I. Genome-wide gene expression profiling of human epiretinal membranes
In order to identify genes responsible for intraocular proliferation, we first determined the gene expression profiling of human retina, ERMs associated with proliferative diabetic retinopathy (PDR-ERMs), PVR (PVR-ERMs), or secondary ERMs. We next determined "highly expressed genes in PDR- and in PVR-ERMs" by comparing the gene expression profiles between PDR-, PVR-ERMs and the retina, and "genes that determine aggressiveness of ERMs" by comparing the gene expression profiles between PVR-ERMs and less-aggressive secondary ERMs. The former was subdivided by functional subsets of genes related to extracellular matrix, cell adhesion, differentiation, proliferation and other functions, and the latter related to cell adhesion and proliferation, etc. Subsequent analyses identified periostin, a matricellular protein, as an important molecule whose expression is enhanced specifically in proliferating ERMs compared to the retina, and facilitates their growth activity, because it was extracted at both comparison procedures.

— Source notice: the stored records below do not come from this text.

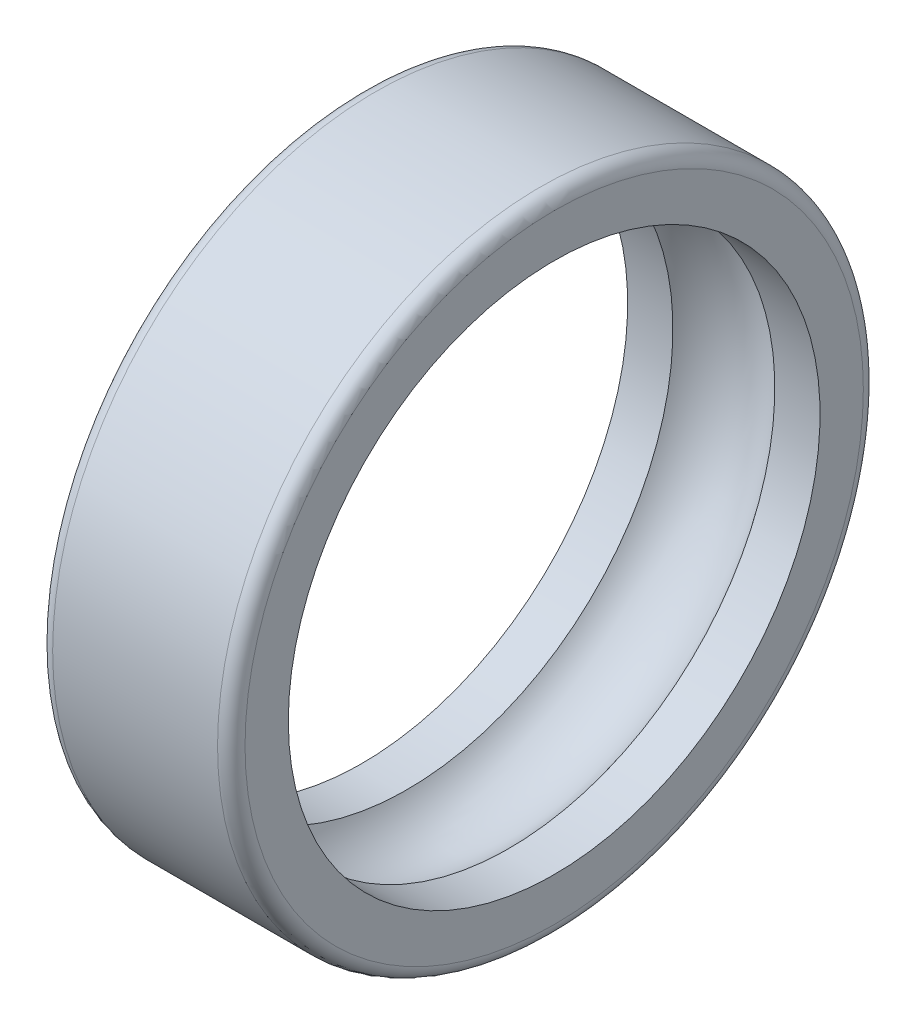
ISO-10303-21;
HEADER;
FILE_DESCRIPTION(('STEP AP214'),'2;1');
FILE_NAME('part.step','',(''),(''),'','','');
FILE_SCHEMA(('AUTOMOTIVE_DESIGN { 1 0 10303 214 1 1 1 1 }'));
ENDSEC;
DATA;
#1=APPLICATION_CONTEXT('core data for automotive mechanical design processes');
#2=APPLICATION_PROTOCOL_DEFINITION('international standard','automotive_design',2000,#1);
#3=PRODUCT_CONTEXT('',#1,'mechanical');
#4=PRODUCT('Part','Part','',(#3));
#5=PRODUCT_RELATED_PRODUCT_CATEGORY('part','',(#4));
#6=PRODUCT_DEFINITION_FORMATION('','',#4);
#7=PRODUCT_DEFINITION_CONTEXT('part definition',#1,'design');
#8=PRODUCT_DEFINITION('design','',#6,#7);
#9=PRODUCT_DEFINITION_SHAPE('','',#8);
#10=(LENGTH_UNIT() NAMED_UNIT(*) SI_UNIT(.MILLI.,.METRE.));
#11=(NAMED_UNIT(*) PLANE_ANGLE_UNIT() SI_UNIT($,.RADIAN.));
#12=(NAMED_UNIT(*) SI_UNIT($,.STERADIAN.) SOLID_ANGLE_UNIT());
#13=UNCERTAINTY_MEASURE_WITH_UNIT(LENGTH_MEASURE(1.E-05),#10,'distance_accuracy_value','');
#14=(GEOMETRIC_REPRESENTATION_CONTEXT(3) GLOBAL_UNCERTAINTY_ASSIGNED_CONTEXT((#13)) GLOBAL_UNIT_ASSIGNED_CONTEXT((#10,
#11,#12)) REPRESENTATION_CONTEXT('',''));
#15=CARTESIAN_POINT('',(0.,0.,0.));
#16=DIRECTION('',(0.,0.,1.));
#17=DIRECTION('',(1.,0.,0.));
#18=AXIS2_PLACEMENT_3D('',#15,#16,#17);
#19=CARTESIAN_POINT('',(0.,22.5,0.));
#20=DIRECTION('',(1.,0.,0.));
#21=DIRECTION('',(0.,0.,-1.));
#22=AXIS2_PLACEMENT_3D('',#19,#20,#21);
#23=PLANE('',#22);
#24=CARTESIAN_POINT('',(0.,0.,0.));
#25=DIRECTION('',(-1.,0.,0.));
#26=DIRECTION('',(0.,0.,1.));
#27=AXIS2_PLACEMENT_3D('',#24,#25,#26);
#28=CIRCLE('',#27,19.35);
#29=CARTESIAN_POINT('',(0.,0.,19.35));
#30=VERTEX_POINT('',#29);
#31=EDGE_CURVE('E10',#30,#30,#28,.T.);
#32=ORIENTED_EDGE('',*,*,#31,.F.);
#33=EDGE_LOOP('',(#32));
#34=FACE_BOUND('',#33,.T.);
#35=CARTESIAN_POINT('',(0.,0.,0.));
#36=DIRECTION('',(-1.,0.,0.));
#37=DIRECTION('',(0.,0.,1.));
#38=AXIS2_PLACEMENT_3D('',#35,#36,#37);
#39=CIRCLE('',#38,22.5);
#40=CARTESIAN_POINT('',(0.,0.,22.5));
#41=VERTEX_POINT('',#40);
#42=EDGE_CURVE('E43',#41,#41,#39,.T.);
#43=ORIENTED_EDGE('',*,*,#42,.T.);
#44=EDGE_LOOP('',(#43));
#45=FACE_BOUND('',#44,.T.);
#46=ADVANCED_FACE('F15',(#34,#45),#23,.F.);
#47=CARTESIAN_POINT('',(0.,0.,0.));
#48=DIRECTION('',(-1.,0.,0.));
#49=DIRECTION('',(0.,0.,1.));
#50=AXIS2_PLACEMENT_3D('',#47,#48,#49);
#51=CYLINDRICAL_SURFACE('',#50,19.35);
#52=CARTESIAN_POINT('',(3.29223787170752,0.,0.));
#53=DIRECTION('',(-1.,0.,0.));
#54=DIRECTION('',(0.,0.,1.));
#55=AXIS2_PLACEMENT_3D('',#52,#53,#54);
#56=CIRCLE('',#55,19.35);
#57=CARTESIAN_POINT('',(3.29223787170752,0.,19.35));
#58=VERTEX_POINT('',#57);
#59=EDGE_CURVE('E21',#58,#58,#56,.T.);
#60=ORIENTED_EDGE('',*,*,#59,.F.);
#61=EDGE_LOOP('',(#60));
#62=FACE_BOUND('',#61,.T.);
#63=ORIENTED_EDGE('',*,*,#31,.T.);
#64=EDGE_LOOP('',(#63));
#65=FACE_BOUND('',#64,.T.);
#66=ADVANCED_FACE('F80',(#62,#65),#51,.F.);
#67=CARTESIAN_POINT('',(7.,0.,0.));
#68=DIRECTION('',(-1.,0.,0.));
#69=DIRECTION('',(0.,0.,1.));
#70=AXIS2_PLACEMENT_3D('',#67,#68,#69);
#71=TOROIDAL_SURFACE('',#70,16.8,4.5);
#72=ORIENTED_EDGE('',*,*,#59,.T.);
#73=EDGE_LOOP('',(#72));
#74=FACE_BOUND('',#73,.T.);
#75=CARTESIAN_POINT('',(10.7077621282925,0.,0.));
#76=DIRECTION('',(-1.,0.,0.));
#77=DIRECTION('',(0.,0.,1.));
#78=AXIS2_PLACEMENT_3D('',#75,#76,#77);
#79=CIRCLE('',#78,19.35);
#80=CARTESIAN_POINT('',(10.7077621282925,0.,19.35));
#81=VERTEX_POINT('',#80);
#82=EDGE_CURVE('E25',#81,#81,#79,.T.);
#83=ORIENTED_EDGE('',*,*,#82,.F.);
#84=EDGE_LOOP('',(#83));
#85=FACE_BOUND('',#84,.T.);
#86=ADVANCED_FACE('F75',(#74,#85),#71,.F.);
#87=CARTESIAN_POINT('',(0.,0.,0.));
#88=DIRECTION('',(-1.,0.,0.));
#89=DIRECTION('',(0.,0.,1.));
#90=AXIS2_PLACEMENT_3D('',#87,#88,#89);
#91=CYLINDRICAL_SURFACE('',#90,19.35);
#92=CARTESIAN_POINT('',(14.,0.,0.));
#93=DIRECTION('',(-1.,0.,0.));
#94=DIRECTION('',(0.,0.,1.));
#95=AXIS2_PLACEMENT_3D('',#92,#93,#94);
#96=CIRCLE('',#95,19.35);
#97=CARTESIAN_POINT('',(14.,0.,19.35));
#98=VERTEX_POINT('',#97);
#99=EDGE_CURVE('E29',#98,#98,#96,.T.);
#100=ORIENTED_EDGE('',*,*,#99,.F.);
#101=EDGE_LOOP('',(#100));
#102=FACE_BOUND('',#101,.T.);
#103=ORIENTED_EDGE('',*,*,#82,.T.);
#104=EDGE_LOOP('',(#103));
#105=FACE_BOUND('',#104,.T.);
#106=ADVANCED_FACE('F69',(#102,#105),#91,.F.);
#107=CARTESIAN_POINT('',(14.,19.35,0.));
#108=DIRECTION('',(-1.,0.,0.));
#109=DIRECTION('',(0.,0.,1.));
#110=AXIS2_PLACEMENT_3D('',#107,#108,#109);
#111=PLANE('',#110);
#112=CARTESIAN_POINT('',(14.,0.,0.));
#113=DIRECTION('',(-1.,0.,0.));
#114=DIRECTION('',(0.,0.,1.));
#115=AXIS2_PLACEMENT_3D('',#112,#113,#114);
#116=CIRCLE('',#115,22.5);
#117=CARTESIAN_POINT('',(14.,0.,22.5));
#118=VERTEX_POINT('',#117);
#119=EDGE_CURVE('E34',#118,#118,#116,.T.);
#120=ORIENTED_EDGE('',*,*,#119,.F.);
#121=EDGE_LOOP('',(#120));
#122=FACE_BOUND('',#121,.T.);
#123=ORIENTED_EDGE('',*,*,#99,.T.);
#124=EDGE_LOOP('',(#123));
#125=FACE_BOUND('',#124,.T.);
#126=ADVANCED_FACE('F63',(#122,#125),#111,.F.);
#127=CARTESIAN_POINT('',(13.,0.,0.));
#128=DIRECTION('',(-1.,0.,0.));
#129=DIRECTION('',(0.,0.,1.));
#130=AXIS2_PLACEMENT_3D('',#127,#128,#129);
#131=TOROIDAL_SURFACE('',#130,22.5,1.);
#132=CARTESIAN_POINT('',(13.,0.,0.));
#133=DIRECTION('',(-1.,0.,0.));
#134=DIRECTION('',(0.,0.,1.));
#135=AXIS2_PLACEMENT_3D('',#132,#133,#134);
#136=CIRCLE('',#135,23.5);
#137=CARTESIAN_POINT('',(13.,0.,23.5));
#138=VERTEX_POINT('',#137);
#139=EDGE_CURVE('E37',#138,#138,#136,.T.);
#140=ORIENTED_EDGE('',*,*,#139,.F.);
#141=EDGE_LOOP('',(#140));
#142=FACE_BOUND('',#141,.T.);
#143=ORIENTED_EDGE('',*,*,#119,.T.);
#144=EDGE_LOOP('',(#143));
#145=FACE_BOUND('',#144,.T.);
#146=ADVANCED_FACE('F57',(#142,#145),#131,.T.);
#147=CARTESIAN_POINT('',(0.,0.,0.));
#148=DIRECTION('',(-1.,0.,0.));
#149=DIRECTION('',(0.,0.,1.));
#150=AXIS2_PLACEMENT_3D('',#147,#148,#149);
#151=CYLINDRICAL_SURFACE('',#150,23.5);
#152=CARTESIAN_POINT('',(1.,0.,0.));
#153=DIRECTION('',(-1.,0.,0.));
#154=DIRECTION('',(0.,0.,1.));
#155=AXIS2_PLACEMENT_3D('',#152,#153,#154);
#156=CIRCLE('',#155,23.5);
#157=CARTESIAN_POINT('',(1.,0.,23.5));
#158=VERTEX_POINT('',#157);
#159=EDGE_CURVE('E40',#158,#158,#156,.T.);
#160=ORIENTED_EDGE('',*,*,#159,.F.);
#161=EDGE_LOOP('',(#160));
#162=FACE_BOUND('',#161,.T.);
#163=ORIENTED_EDGE('',*,*,#139,.T.);
#164=EDGE_LOOP('',(#163));
#165=FACE_BOUND('',#164,.T.);
#166=ADVANCED_FACE('F51',(#162,#165),#151,.T.);
#167=CARTESIAN_POINT('',(1.,0.,0.));
#168=DIRECTION('',(-1.,0.,0.));
#169=DIRECTION('',(0.,0.,1.));
#170=AXIS2_PLACEMENT_3D('',#167,#168,#169);
#171=TOROIDAL_SURFACE('',#170,22.5,1.);
#172=ORIENTED_EDGE('',*,*,#42,.F.);
#173=EDGE_LOOP('',(#172));
#174=FACE_BOUND('',#173,.T.);
#175=ORIENTED_EDGE('',*,*,#159,.T.);
#176=EDGE_LOOP('',(#175));
#177=FACE_BOUND('',#176,.T.);
#178=ADVANCED_FACE('F48',(#174,#177),#171,.T.);
#179=CLOSED_SHELL('',(#46,#66,#86,#106,#126,#146,#166,#178));
#180=MANIFOLD_SOLID_BREP('B1',#179);
#181=ADVANCED_BREP_SHAPE_REPRESENTATION('',(#18,#180),#14);
#182=SHAPE_DEFINITION_REPRESENTATION(#9,#181);
ENDSEC;
END-ISO-10303-21;

II. Functional analysis of periostin
We found increased periostin expression in the vitreous of patients with both PDR and PVR. Immunohistochemical analysis showed colocalization of periostin and α-SMA in PDR- and PVR-ERMs. In vitro, periostin increased proliferation, adhesion, migration and collagen production in RPE cells. Periostin blockade suppressed migration and adhesion induced by transforming growth factor-β2 (TGF-β2) and PVR vitreous. In vivo, periostin inhibition had the inhibitory effect on experimental retinal and choroidal fibrovascular formation, and progression of experimental PVR without affecting the viability of retinal cells. These results identified periostin as a pivotal molecule for ERM formation as well as a promising therapeutic target for PVR.
III. Genome-wide expression profiling of ischemic retina
Because retinal ischemia is an important intermediate step in the pathogenesis of many intraocular proliferative diseases, we next sought to determine a profile of gene expression in ischemic retinas of a mouse model of oxygen-induced retinopathy (OIR). The differentially expressed genes in the hypoxic postnatal 12.5 retinas were broadly clustered into the development, inflammation, metabolism, signaling, antiapoptosis, cellular component, transport and glycolysis groups. The most upregulated gene among the differentially expressed genes in hypoxic retina was the macrophage inflammatory protein 1β (Mip-1β). Therefore, we next investigated the role played by MIP-1β in recruiting bone marrow-derived monocyte lineage cells (BM-MLCs) in a murine OIR. Our results showed that MIP-1β was upregulated, and its receptor, CCR5, was expressed in BM-MLCs in the hypoxic inner retina. Neutralizing antibody (Ab) against MIP-1β reduced the infiltration of BM-MLCs into the OIR retinas and increased the avascular area and preretinal neovascular tufts. A very strong significant correlation was found between the area of the preretinal neovascular tufts and the avascular area, regardless of the extent of BM-MLC infiltration into the OIR retinas. Additional treatment with VEGF-A-neutralizing Ab showed that the MIP-1β-regulated pathological neovascularization strongly depended on VEGF-A, which was probably secreted by the hypoxic avascular retinas. These results indicate that MIP-1β is involved in the recruitment of BM-MLCs, which have a significant role in the physiological revascularization of hypoxic avascular retinas.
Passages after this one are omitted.